Nosotras íbamos al embarque que está al lado del Parque Cousiño. Abajo hay un muelle largo donde llegaban los barcos. Cuando llegaban los cargaban con carbón al barco y se rebosaba todo el carbón que había hacia el mar. Era ahí cuando nosotras aprovechábamos. Pedíamos prestado un bote a algún compañero pescador y salíamos con los chinchorros en el bote. Entonces el carbón flotaba en el agua y lo sacábamos para echarlo en el bote. Así cuando teníamos la carga completa, volvíamos y los mismos compañeros nos ayudaban a descargar.

Las olas a veces venían bravas. Una vez una me arrastró una para adentro y yo asustada solté el chinchorro y traté de salir con la segunda ola. Pelié con toda mi fuerza y  la misma gente que trabajaba me ayudó. Era peligroso y  pasamos hartas cosas cosas malas, pero era un ambiente de mucho compañerismo. Pero pasaban cosas, por ejemplo, también te robaban. A veces una dejaba su pilas en la noche y al ojo calculaba que tenía como para 20 sacos Y al otro día llegabas y había carbón para ocho o nueve sacos. Daba mucha rabia porque una se sacrificaba toda la noche casi y al día siguiente había que enfrentar al ladrón. Eso pasaba siempre.  

Aunque era sacrificado, en esos años una se hacía su plata. Además no habían muchas posibilidades de trabajo para las mujeres en esa época. Existía mucho machismo, que la mujer no podía trabajar, que la mujer tenía que quedarse en la casa. Ahora no, porque ahora es todo compartido. En mi caso, por necesidad tuve que dejar el colegio temprano, llegué hasta sexto y ahí me puse a trabajar. Así vivíamos con mi hermana más chica. 

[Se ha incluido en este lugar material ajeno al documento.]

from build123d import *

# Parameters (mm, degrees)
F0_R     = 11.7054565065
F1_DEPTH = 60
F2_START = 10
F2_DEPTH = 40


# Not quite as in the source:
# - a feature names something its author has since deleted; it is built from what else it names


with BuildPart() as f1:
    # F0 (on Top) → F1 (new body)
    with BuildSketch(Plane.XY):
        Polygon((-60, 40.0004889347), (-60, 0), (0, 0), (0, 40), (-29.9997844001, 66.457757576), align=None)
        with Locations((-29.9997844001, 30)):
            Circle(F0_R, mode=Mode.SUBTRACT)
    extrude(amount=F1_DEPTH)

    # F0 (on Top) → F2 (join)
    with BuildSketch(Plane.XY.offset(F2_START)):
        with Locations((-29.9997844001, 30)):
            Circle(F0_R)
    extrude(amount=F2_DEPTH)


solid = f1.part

Ya de grande, cuando salía con mi hija, nosotras nos íbamos a las 3 de la mañana para la caleta El Blanco. Ella llevaba su ropita de la escuela y después de chinchorrear, a las 7 y media de la mañana le pedía permiso a una vecina para bañarse. Ahí se duchaba, se ponía su ropa y se iba para la escuela. Después, cuando salía, se iba directo de nuevo al Blanco para poder entregar el carbón. Yo misma le enseñé a chinchorrear y también a varias de mis sobrinas. Allá en el Blanco mucha gente era chinchorrera. Mucha. En esos años nos pásabamos de Pueblo Hundido a la caleta El Blanco.   Cuando fui mamá y mi hija aprendió a chinchorrear fue lindo porque aprendió a ganarse la vida para más adelante. Yo por suerte tenía la ayuda de mi mamá para trabajar y criar. Cuando llegaba la noticia de que estaba saliendo carbón, mi mamá me decía: anda, déjame aquí a la chiquilla… Y partía.

Hoy, todavía me meto en la playa y saco luga, cuando es la temporada. Si hay marisco, lo busco, lo busco, hasta que pillo marisco y me mojo. Que mi hija me reta. Me dice: mamá, te duelen las rodillas, te duelen las caderas, no andes marisqueando… Pero a mí me gusta, me encanta. Yo estoy orgullosa de lo que sé y de mi mar. Yo soy de mar. 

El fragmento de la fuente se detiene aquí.